● About this exercise
Search the material for the string "Head" and copy each line where it occurs.

■ ■ ■ ■ ■

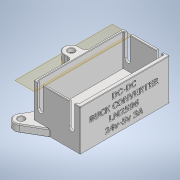
# Autodesk Inventor part: FAN PS CASE
Saved by Autodesk Inventor 2020 (Build 240168000, 168)
## iProperties
Created: 2019-12-23
Part Number: FAN PS CASE
Material: Generic
Document SubType Name: Modeling
Designer: pepd9
Density: 1 g/cm^3
Appearance: Default
Author: pepd9
Autodesk Inventor part; units mm, degrees
(part 1 of 2)
ref_plane "YZ Plane" through (0, 0, 0) normal (1, 0, 0) x (0, 1, 0)
ref_plane "XZ Plane" through (0, 0, 0) normal (0, 1, 0) x (-1, 0, 0)
ref_plane "XY Plane" through (0, 0, 0) normal (0, 0, 1) x (1, 0, 0)
sketch "Sketch1" plane through (0, 0, 0) normal (0, 1, 0) x (-1, 0, 0)
  line L0 (12.5, -25) -> (-12.5, -25)
  line L1 (-12.5, -25) -> (-12.5, 25)
  line L2 (-12.5, 25) -> (12.5, 25)
  line L3 (12.5, 25) -> (12.5, -25)
  line L4 (12.5, -25) -> (-12.5, 25) construction
  line L5 (-12.5, -25) -> (12.5, 25) construction
  line L6 (-12.5, -25) -> (-13.5, -25)
  line L7 (-13.5, -25) -> (-13.5, 25)
  line L8 (-13.5, 25) -> (-12.5, 25)
  line L9 (-12.5, 25) -> (-12.5, -25)
  point P0 (0, 0)
  point P1 (-13, 25)
  dimension "d6" = 25
  dimension "d7" = 50
  dimension "d98" = 1
  constraints: 20 end point, 4 parallel, 3 midpoint, 2 horizontal, 2 perpendicular, 1 horizontal alignment
  measures "d6" distance of L0.start L0.end
  measures "d7" distance of L0.end L1.end
  measures "d98" distance of L7.end L8.end
extrude "Extrusion1" add sketch "Sketch1" along normal blind 5
sketch "Sketch2" plane through (0, 5, 0) normal (0, 1, 0) x (1, 0, 0)
  point P0 (0, 0)
  point P1 (8, 15)
  point P2 (-8, -15)
  dimension "d2" = 30
  dimension "d3" = 16
  dimension "d4" = 8
  dimension "d5" = 15
  measures "d2" vertical distance of point (-8, -15) point (8, 15)
  measures "d3" horizontal distance of point (8, 15) point (-8, -15)
  measures "d4" horizontal distance of point (8, 15) point (0, 0)
  measures "d5" vertical distance of point (0, 0) point (8, 15)
hole "Hole1" at (8, 5, -15) at (-8, 5, 15) direction (0, -1, 0) diameter 3.4 end through all clearance for "Socket Head Cap Screw" size "M3" standard "Ansi Metric M Profile"
sketch "Sketch3" plane through (0, 0, 0) normal (0, -1, 0) x (1, 0, 0)
  circle A0 centre (-8, 15) radius 1.7 projected
  circle A1 centre (8, -15) radius 1.7 projected
  line L0 (-5.25, 13.4123) -> (-8, 11.8246)
  line L1 (-8, 11.8246) -> (-10.75, 13.4123)
  line L2 (-10.75, 13.4123) -> (-10.75, 16.5877)
  line L3 (-10.75, 16.5877) -> (-8, 18.1754)
  line L4 (-8, 18.1754) -> (-5.25, 16.5877)
  line L5 (-5.25, 16.5877) -> (-5.25, 13.4123)
  line L6 (10.75, -16.5877) -> (8, -18.1754)
  line L7 (8, -18.1754) -> (5.25, -16.5877)
  line L8 (5.25, -16.5877) -> (5.25, -13.4123)
  line L9 (5.25, -13.4123) -> (8, -11.8246)
  line L10 (8, -11.8246) -> (10.75, -13.4123)
  line L11 (10.75, -13.4123) -> (10.75, -16.5877)
  point P0 (0, 0)
  dimension "d15" = 5.5
  dimension "d16" = 5.5
  constraints: 24 end point, 2 coincident, 2 vertical, 26 other
  measures "d15" distance between parallel lines of L8 L11
  measures "d16" distance between parallel lines of L2 L5
extrude "Extrusion2" cut sketch "Sketch3" against normal blind 3
sketch "Sketch4" plane through (0, 5, 0) normal (0, 1, 0) x (1, 0, 0)
  circle A0 centre (8, 15) radius 1.7 projected
  circle A1 centre (-8, -15) radius 1.7 projected
  line L0 (-12.5, 25) -> (-12.5, -25) projected
  line L1 (-12.5, -25) -> (13.5, -25) projected
  circle A2 centre (8, 15) radius 1.7 projected
  circle A3 centre (8, 15) radius 3
  circle A4 centre (-8, -15) radius 3
  line L2 (13.5, 25) -> (-12.5, 25) projected
  line L3 (13.5, -25) -> (13.5, 25) projected
  point P0 (0, 0)
  dimension "d19" = 6
  dimension "d20" = 6
  constraints: 2 centre point, 2 coincident
  measures "d19" diameter of A3
  measures "d20" diameter of A4
extrude "Extrusion3" add sketch "Sketch4" along normal blind 4 contours A3 | A4
sketch "Sketch5" plane through (0, 3, 0) normal (0, -1, 0) x (1, 0, 0)
  line L0 (-5.25, 13.4123) -> (-8, 11.8246) projected
  line L1 (-5.25, 16.5877) -> (-5.25, 13.4123) projected
  line L2 (-8, 18.1754) -> (-5.25, 16.5877) projected
  line L3 (-10.75, 16.5877) -> (-8, 18.1754) projected
  line L4 (-10.75, 13.4123) -> (-10.75, 16.5877) projected
  line L5 (-8, 11.8246) -> (-10.75, 13.4123) projected
  circle A0 centre (-8, 15) radius 1.7 projected
  line L6 (10.75, -13.4123) -> (10.75, -16.5877) projected
  line L7 (8, -11.8246) -> (10.75, -13.4123) projected
  line L8 (5.25, -13.4123) -> (8, -11.8246) projected
  line L9 (5.25, -16.5877) -> (5.25, -13.4123) projected
  line L10 (8, -18.1754) -> (5.25, -16.5877) projected
  line L11 (10.75, -16.5877) -> (8, -18.1754) projected
  circle A1 centre (8, -15) radius 1.7 projected
  line L12 (-12.3859, 16.7) -> (-3.6141, 16.7)
  line L13 (-3.6141, 16.7) -> (-3.6141, 13.3)
  line L14 (-3.6141, 13.3) -> (-12.3859, 13.3)
  line L15 (-12.3859, 13.3) -> (-12.3859, 16.7)
  line L16 (-12.3859, 16.7) -> (-3.6141, 13.3) construction
  line L17 (-3.6141, 16.7) -> (-12.3859, 13.3) construction
  line L18 (4.5782, -13.3) -> (11.4218, -13.3)
  line L19 (11.4218, -13.3) -> (11.4218, -16.7)
  line L20 (11.4218, -16.7) -> (4.5782, -16.7)
  line L21 (4.5782, -16.7) -> (4.5782, -13.3)
  line L22 (4.5782, -13.3) -> (11.4218, -16.7) construction
  line L23 (11.4218, -13.3) -> (4.5782, -16.7) construction
  point P0 (0, 0)
  point P1 (5.4445, -16.7)
  point P2 (8, -16.7)
  point P3 (8, -13.3)
  point P4 (5.4445, -13.3)
  point P5 (10.5555, -13.3)
  point P6 (10.5555, -16.7)
  point P7 (-10.5555, 13.3)
  point P8 (-8, 13.3)
  point P9 (-8, 16.7)
  point P10 (-10.5555, 16.7)
  point P11 (-5.4445, 16.7)
  point P12 (-5.4445, 13.3)
  dimension "d23" = 3.4
  dimension "d24" = 3.4
  constraints: 24 end point, 4 midpoint, 4 parallel, 2 horizontal, 2 perpendicular
  measures "d23" distance of L12.end L13.end
  measures "d24" distance of L18.end L19.end
extrude "Extrusion4" cut sketch "Sketch5" against normal blind 0.5 contours L0 L14 A0 L12 L2 L1 | L14 L5 L4 L3 L12 A0 | L6 L11 L20 A1 L18 L7 | A1 L20 L10 L9 L8 L18
sketch "Sketch6" plane through (0, 3.5, 0) normal (0, -1, 0) x (1, 0, 0)
  line L0 (-5.25, 16.5877) -> (-5.25, 13.4123) projected
  line L1 (-5.4445, 16.7) -> (-5.25, 16.5877) projected
  line L2 (-8, 16.7) -> (-5.4445, 16.7) projected
  arc A0 (-8, 13.3) -> (-8, 16.7) centre (-8, 15) ccw projected
  line L3 (-5.4445, 13.3) -> (-8, 13.3) projected
  line L4 (-5.25, 13.4123) -> (-5.4445, 13.3) projected
  line L5 (-10.75, 16.5877) -> (-10.5555, 16.7) projected
  line L6 (-10.75, 13.4123) -> (-10.75, 16.5877) projected
  line L7 (-10.5555, 13.3) -> (-10.75, 13.4123) projected
  line L8 (-8, 13.3) -> (-10.5555, 13.3) projected
  arc A1 (-8, 16.7) -> (-8, 13.3) centre (-8, 15) ccw projected
  line L9 (-10.5555, 16.7) -> (-8, 16.7) projected
  line L10 (10.5555, -13.3) -> (10.75, -13.4123) projected
  line L11 (8, -13.3) -> (10.5555, -13.3) projected
  arc A2 (8, -16.7) -> (8, -13.3) centre (8, -15) ccw projected
  line L12 (10.5555, -16.7) -> (8, -16.7) projected
  line L13 (10.75, -16.5877) -> (10.5555, -16.7) projected
  line L14 (10.75, -13.4123) -> (10.75, -16.5877) projected
  line L15 (5.25, -13.4123) -> (5.4445, -13.3) projected
  line L16 (5.25, -16.5877) -> (5.25, -13.4123) projected
  line L17 (5.4445, -16.7) -> (5.25, -16.5877) projected
  line L18 (8, -16.7) -> (5.4445, -16.7) projected
  arc A3 (8, -13.3) -> (8, -16.7) centre (8, -15) ccw projected
  line L19 (5.4445, -13.3) -> (8, -13.3) projected
  line L20 (6.3, -12.0236) -> (9.7, -12.0236)
  line L21 (9.7, -12.0236) -> (9.7, -17.9764)
  line L22 (9.7, -17.9764) -> (6.3, -17.9764)
  line L23 (6.3, -17.9764) -> (6.3, -12.0236)
  line L24 (6.3, -12.0236) -> (9.7, -17.9764) construction
  line L25 (9.7, -12.0236) -> (6.3, -17.9764) construction
  line L26 (-9.7, 18.2149) -> (-6.3, 18.2149)
  line L27 (-6.3, 18.2149) -> (-6.3, 11.7851)
  line L28 (-6.3, 11.7851) -> (-9.7, 11.7851)
  line L29 (-9.7, 11.7851) -> (-9.7, 18.2149)
  line L30 (-9.7, 18.2149) -> (-6.3, 11.7851) construction
  line L31 (-6.3, 18.2149) -> (-9.7, 11.7851) construction
  point P0 (0, 0)
  point P1 (9.7, -16.7)
  point P2 (9.7, -15)
  point P3 (9.7, -13.3)
  point P4 (6.3, -13.3)
  point P5 (6.3, -15)
  point P6 (6.3, -16.7)
  point P7 (-9.7, 15)
  point P8 (-9.7, 13.3)
  point P9 (-9.7, 16.7)
  point P10 (-6.3, 15)
  point P11 (-6.3, 16.7)
  point P12 (-6.3, 13.3)
  dimension "d27" = 3.4
  dimension "d28" = 3.4
  constraints: 24 end point, 4 midpoint, 4 parallel, 2 horizontal, 2 perpendicular
  measures "d27" distance of L21.end L22.end
  measures "d28" distance of L27.end L28.end
extrude "Extrusion5" cut sketch "Sketch6" against normal blind 0.5 contours L27 A0 L2 | L3 A0 L27 | A1 L29 L9 | L8 L29 A1 | L21 A2 L11 | A3 L23 L19 | L21 L12 A2 | A3 L18 L23
sketch "Sketch7" plane through (0, 5, 0) normal (0, 1, 0) x (1, 0, 0)
  circle A0 centre (-8, -15) radius 3 projected
  circle A1 centre (8, 15) radius 3 projected
  line L0 (-12.5, 25) -> (-12.5, -25) projected
  line L1 (-12.5, -25) -> (13.5, -25) projected
  line L2 (11.3, 23.8) -> (11.3, -23.8)
  line L3 (11.3, -23.8) -> (-11.3, -23.8)
  line L4 (-11.3, -23.8) -> (-11.3, 23.8)
  line L5 (-11.3, 23.8) -> (11.3, 23.8)
  line L6 (13.5, 25) -> (-12.5, 25) projected
  line L7 (13.5, -25) -> (13.5, 25) projected
  point P0 (0, 0)
  constraints: 8 end point, 1 other
extrude "Extrusion6" add sketch "Sketch7" along normal blind 18 contours L6 L7 L1 L0
sketch "Sketch8" plane through (0, 0, 0) normal (0, -1, 0) x (1, 0, 0)
  circle A0 centre (-16.5, 28) radius 4
  circle A1 centre (-16.5, -12) radius 4
  line L0 (-12.5, -25) -> (-12.5, 25) projected
  line L1 (-12.5, 25) -> (13.5, 25) projected
  line L2 (-18.122, -15.6564) -> (-12.5, -18.9022)
  line L3 (-18.122, -8.3436) -> (-12.5, -5.0978)
  line L4 (-19.3561, 25.1995) -> (-12.5, 13.3244)
  line L5 (-14.0743, 31.1806) -> (-3.3692, 25)
  line L6 (-12.5, 25) -> (13.5, 25) projected
  point P0 (0, 0)
  point P1 (12.5, 25)
  point P2 (-12.5, -12)
  dimension "d34" = 8
  dimension "d35" = 8
  dimension "d36" = 4
  dimension "d37" = 40
  dimension "d38" = 3
  dimension "d39" = 60
  dimension "d40" = 60
  dimension "d41" = 30
  dimension "d42" = 30
  constraints: 8 end point, 4 point on circle, 4 point on line, 2 centre point, 1 vertical alignment
  measures "d34" diameter of A0
  measures "d35" diameter of A1
  measures "d36" distance from line of L0 A1.centre
  measures "d37" distance of A0.centre A1.centre
  measures "d38" distance from line of L1 A0.centre
  measures "d39" angle of L0 L2
  measures "d40" angle of L0 L3
  measures "d41" angle of L0 L4
  measures "d42" angle of L1 L5
extrude "Extrusion7" add sketch "Sketch8" against normal blind 4
sketch "Sketch9" plane through (0, 4, 0) normal (0, 1, 0) x (1, 0, 0)
  arc A0 (-18.122, 15.6564) -> (-18.122, 8.3436) centre (-16.5, 12) ccw projected
  arc A1 (-19.3561, -25.1995) -> (-14.0743, -31.1806) centre (-16.5, -28) ccw projected
  point P0 (0, 0)
hole "Hole2" at (-16.5, 4, -12) at (-16.5, 4, 28) direction (0, -1, 0) diameter 3.4 end through all clearance for "Socket Head Cap Screw" size "M3" standard "Ansi Metric M Profile"
sketch "Sketch10" plane through (12.5, 0, -25) normal (0, 0, -1) x (-1, 0, 0)
  line L0 (0, 0) -> (25, 0) projected
  line L1 (25, 0) -> (25, 23) projected
  line L2 (0, 23) -> (25, 23) projected
  line L3 (0, 0) -> (0, 23) projected
  circle A0 centre (3.75, 10.4995) radius 1.5
  circle A1 centre (21.25, 10.4995) radius 1.5
  line L4 (1.2, 23) -> (23.8, 23) projected
  line L5 (2.25, 10.4995) -> (5.25, 10.4995)
  line L6 (5.25, 10.4995) -> (5.25, 23)
  line L7 (5.25, 23) -> (2.25, 23)
  line L8 (2.25, 23) -> (2.25, 10.4995)
  line L9 (22.75, 10.4995) -> (19.75, 10.4995)
  line L10 (19.75, 10.4995) -> (19.75, 23)
  line L11 (19.75, 23) -> (22.75, 23)
  line L12 (22.75, 23) -> (22.75, 10.4995)
  point P0 (12.5, 0)
  point P1 (5.25, 10.4995)
  dimension "d52" = 3
  dimension "d53" = 3
  dimension "d54" = 3
  dimension "d72" = 3.75
  dimension "d73" = 3.75
  constraints: 16 end point, 4 parallel, 2 horizontal, 2 perpendicular, 2 point on line, 6 other
  measures "d54" distance of L10.end L11.end
  measures "d72" distance from line of L3 point (3.75, 10.499)
  measures "d73" distance from line of L1 point (21.25, 10.499)
extrude "Extrusion8" cut sketch "Sketch10" against normal through all contours L2 L6 A0 L8 | L12 A1 L10 L2 | L5 A0 | A0 L5 | L9 A1 | A1 L9
sketch "Sketch11" plane through (0, 0, 0) normal (0, -1, 0) x (1, 0, 0)
  circle A0 centre (-16.5, 0) radius 4
  line L0 (-12.5, -25) -> (-12.5, 25) projected
  line L1 (-12.5, 25) -> (13.5, 25) projected
  line L2 (-16.5, -4) -> (-12.5, -4)
  line L3 (-16.5, 4) -> (-12.5, 4)
  point P0 (0, 0)
  point P1 (-10.25, 25)
  dimension "d57" = 8
  dimension "d58" = 4
  dimension "d59" = 25
  constraints: 4 end point, 2 point on circle, 2 point on line, 2 tangent, 1 centre point, 1 horizontal, 1 perpendicular
  measures "d57" diameter of A0
  measures "d58" distance from line of A0.centre L0
  measures "d59" distance from line of L1 A0.centre
extrude "Extrusion9" add sketch "Sketch11" against normal up to surface (23 mm away)
sketch "Sketch12" plane through (0, 23, 0) normal (0, 1, 0) x (1, 0, 0)
  arc A0 (-16.5, 4) -> (-16.5, -4) centre (-16.5, 0) ccw projected
  point P0 (0, 0)
hole "Hole3" at (-16.5, 23, 0) direction (0, -1, 0) diameter 3.4 end through all clearance for "Socket Head Cap Screw" size "M3" standard "Ansi Metric M Profile"
sketch "Sketch13" plane through (0, 4, 0) normal (0, 1, 0) x (1, 0, 0)
  circle A0 centre (-16.5, 12) radius 1.7 projected
  line L0 (-18.122, 8.3436) -> (-12.5, 5.0978) projected
  line L1 (-12.5, 18.9022) -> (-12.5, 5.0978) projected
  line L2 (-12.5, 18.9022) -> (-18.122, 15.6564) projected
  arc A1 (-18.122, 15.6564) -> (-18.122, 8.3436) centre (-16.5, 12) ccw projected
  circle A2 centre (-16.5, 0) radius 1.7 projected
  line L3 (-12.5, 25) -> (-12.5, 4) projected
  line L4 (-16.5, 4) -> (-12.5, 4) projected
  arc A3 (-16.5, 4) -> (-16.5, -4) centre (-16.5, 0) ccw projected
  line L5 (-12.5, -4) -> (-16.5, -4) projected
  line L6 (-12.5, -4) -> (-12.5, -25) projected
  line L7 (-12.5, -25) -> (-10.25, -25) projected
  line L8 (-10.25, -23.8) -> (-11.3, -23.8) projected
  line L9 (-11.3, -23.8) -> (-11.3, 23.8) projected
  line L10 (-11.3, 23.8) -> (-10.25, 23.8) projected
  arc A4 (-18.122, 15.6564) -> (-18.122, 8.3436) centre (-16.5, 12) ccw projected
  line L11 (-20.5, 12) -> (-20.5, 0)
  line L12 (13.5, -25) -> (13.5, 25) projected
  line L13 (7.25, 25) -> (-7.25, 25) projected
  line L14 (11.3, 23.8) -> (11.3, -23.8) projected
  line L15 (-10.25, 23.8) -> (-10.25, 25) projected
  line L16 (-10.25, 25) -> (-12.5, 25) projected
  line L17 (-10.25, -25) -> (-10.25, -23.8) projected
  line L18 (-7.25, 25) -> (-7.25, 23.8) projected
  line L19 (-7.25, 23.8) -> (7.25, 23.8) projected
  line L20 (7.25, 23.8) -> (7.25, 25) projected
  line L21 (10.25, 25) -> (10.25, 23.8) projected
  line L22 (10.25, 23.8) -> (11.3, 23.8) projected
  line L23 (11.3, -23.8) -> (10.25, -23.8) projected
  line L24 (10.25, -23.8) -> (10.25, -25) projected
  line L25 (10.25, -25) -> (13.5, -25) projected
  line L26 (13.5, 25) -> (10.25, 25) projected
  point P0 (0, 0)
  constraints: 3 point on circle, 2 end point
extrude "Extrusion10" add sketch "Sketch13" against normal up to surface (4 mm away) contours L0 L3 L4 A3 L11 A1
fillet "Fillet1" radius 2 2 edges at (-12.5, 11.5, 4) (-12.5, 13.5, -4)
fillet "Fillet2" radius 0.4 12 edges at (11.3, 14, -23.8) (-11.3, 14, -23.8) (11.3, 14, 23.8) (-11.3, 14, 23.8) (-12.5, 13.5, 25) (-3.3692, 2, 25) (-12.5, 2, 13.3244) (-12.5, 2, -18.9022) (-19.3561, 2, 25.1995) (13.5, 11.5, -25) (-12.5, 11.5, -25) (13.5, 11.5, 25)
chamfer "Chamfer1" distance 0.6 angle 45 12 edges at (5.25, 0, -15) (6.625, 0, -17.3816) (9.375, 0, -17.3816) (10.75, 0, -15) (9.375, 0, -12.6184) (6.625, 0, -12.6184) (-10.75, 0, 15) (-9.375, 0, 12.6184) (-6.625, 0, 12.6184) (-5.25, 0, 15) (-6.625, 0, 17.3816) (-9.375, 0, 17.3816)
chamfer "Chamfer2" distance 0.5 angle 45 10 edges at (-19.4826, 4, 30.6653) (-19.3578, 4, 25.1967) (-15.9425, 4, 19.287) (-12.5136, 4, 13.3208) (-8.7682, 4, 28.1171) (-3.3656, 4, 25.0136) (-20.5, 4, -6) (-19.8532, 4, -14.1808) (-15.411, 4, -17.2216) (-12.5536, 4, -18.9332)
chamfer "Chamfer3" distance 0.25 angle 45 26 edges at (-16.5, 4, -13.7) (-16.5, 4, 26.3) (-20.5, 23, 0) (-15.5, 23, -4) (-13.0858, 23, -4.5858) (-12.5, 23, 15.3) (-12.5, 23, -15.3) (-15.5, 23, 4) (-13.0858, 23, 4.5858) (-12.3828, 23, 24.8828) (-11.175, 23, 25) (-16.5, 23, -1.7) (0, 23, 25) (11.675, 23, 25) (11.3, 23, 0) (11.1828, 23, 23.6828) (10.575, 23, 23.8) (11.1828, 23, -23.6828) (10.575, 23, -23.8) (0, 23, 23.8) (0, 23, -23.8) (-11.3, 23, 0) (-11.1828, 23, -23.6828) (-10.575, 23, -23.8) (-11.1828, 23, 23.6828) (-10.575, 23, 23.8)
ref_plane "Work Plane1" through (0, 20, 0) normal (0, 1, 0) x (1, 0, 0)
sketch "Sketch14" plane through (0, 20, 0) normal (0, 1, 0) x (1, 0, 0)
  circle A0 centre (-16.5, 0) radius 1.7 projected
  line L0 (-19.4, -2.85) -> (-13.6, -2.85)
  line L1 (-13.6, -2.85) -> (-13.6, 2.85)
  line L2 (-13.6, 2.85) -> (-19.4, 2.85)
  line L3 (-19.4, 2.85) -> (-19.4, -2.85)
  line L4 (-19.4, -2.85) -> (-13.6, 2.85) construction
  line L5 (-13.6, -2.85) -> (-19.4, 2.85) construction
  line L6 (-19.4, -2.85) -> (-24.9, -2.85)
  line L7 (-24.9, -2.85) -> (-24.9, 2.85)
  line L8 (-24.9, 2.85) -> (-19.4, 2.85)
  line L9 (-19.4, 2.85) -> (-19.4, -2.85)
  point P0 (0, 0)
  dimension "d85" = 5.8
  dimension "d86" = 5.7
  dimension "d87" = 5.5
  dimension "d88" = 5.7
  constraints: 20 end point, 4 parallel, 2 horizontal, 2 midpoint, 2 perpendicular
  measures "d85" distance of L2.end L1.end
  measures "d86" distance of L1.end L0.end
  measures "d87" distance of L7.end L8.end
  measures "d88" distance of L6.end L7.end
extrude "Extrusion11" cut sketch "Sketch14" against normal blind 1.7
sketch "Sketch15" plane through (0, 20, 0) normal (0, -1, 0) x (1, 0, 0)
  arc A0 (-19.3067, 2.85) -> (-19.3067, -2.85) centre (-16.5, 0) ccw projected
  line L0 (-13.6, -2.85) -> (-19.3067, -2.85) projected
  line L1 (-13.6, 2.85) -> (-13.6, -2.85) projected
  line L2 (-19.3067, 2.85) -> (-13.6, 2.85) projected
  circle A1 centre (-16.5, 0) radius 1.7 projected
  line L3 (-14.8283, -3.0472) -> (-18.2283, -3.0472)
  line L4 (-18.2283, -3.0472) -> (-18.2283, 3.0472)
  line L5 (-18.2283, 3.0472) -> (-14.8283, 3.0472)
  line L6 (-14.8283, 3.0472) -> (-14.8283, -3.0472)
  line L7 (-14.8283, -3.0472) -> (-18.2283, 3.0472) construction
  line L8 (-18.2283, -3.0472) -> (-14.8283, 3.0472) construction
  point P0 (0, 0)
  point P1 (-16.5283, 0)
  point P2 (-14.8283, -2.85)
  point P3 (-14.8283, -0.3088)
  point P4 (-14.8283, 0.3088)
  point P5 (-14.8283, 2.85)
  point P6 (-18.2283, 2.85)
  point P7 (-18.2283, -2.85)
  dimension "d91" = 3.4
  constraints: 12 end point, 2 midpoint, 2 parallel, 1 horizontal, 1 perpendicular
  measures "d91" distance of L4.end L5.end
extrude "Extrusion12" cut sketch "Sketch15" against normal blind 0.5 contours L2 L6 A1 L0 L4
sketch "Sketch16" plane through (0, 20.5, 0) normal (0, -1, 0) x (1, 0, 0)
  arc A0 (-14.8283, 0.3088) -> (-14.8283, -0.3088) centre (-16.5, 0) ccw projected
  line L0 (-14.8, -1.7) -> (-18.2, -1.7)
  line L1 (-18.2, -1.7) -> (-18.2, 1.7)
  line L2 (-18.2, 1.7) -> (-14.8, 1.7)
  line L3 (-14.8, 1.7) -> (-14.8, -1.7)
  line L4 (-14.8, -1.7) -> (-18.2, 1.7) construction
  line L5 (-18.2, -1.7) -> (-14.8, 1.7) construction
  circle A1 centre (-16.5, 0) radius 1.7 projected
  point P0 (0, 0)
  point P1 (-14.8, 0)
  point P2 (-16.5, 1.7)
  point P3 (-16.5, -1.7)
  point P4 (-18.2, 0)
  dimension "d94" = 3.4
  dimension "d95" = 3.4
  constraints: 12 end point, 2 midpoint, 2 parallel, 1 horizontal, 1 perpendicular
  measures "d94" distance of L1.end L2.end
  measures "d95" distance of L0.end L1.end
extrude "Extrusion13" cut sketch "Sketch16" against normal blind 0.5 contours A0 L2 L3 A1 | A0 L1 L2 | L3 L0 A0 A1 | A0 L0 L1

■ ■ ■ ■ ■

● Task response
hole "Hole1" at (8, 5, -15) at (-8, 5, 15) direction (0, -1, 0) diameter 3.4 end through all clearance for "Socket Head Cap Screw" size "M3" standard "Ansi Metric M Profile"
hole "Hole2" at (-16.5, 4, -12) at (-16.5, 4, 28) direction (0, -1, 0) diameter 3.4 end through all clearance for "Socket Head Cap Screw" size "M3" standard "Ansi Metric M Profile"
hole "Hole3" at (-16.5, 23, 0) direction (0, -1, 0) diameter 3.4 end through all clearance for "Socket Head Cap Screw" size "M3" standard "Ansi Metric M Profile"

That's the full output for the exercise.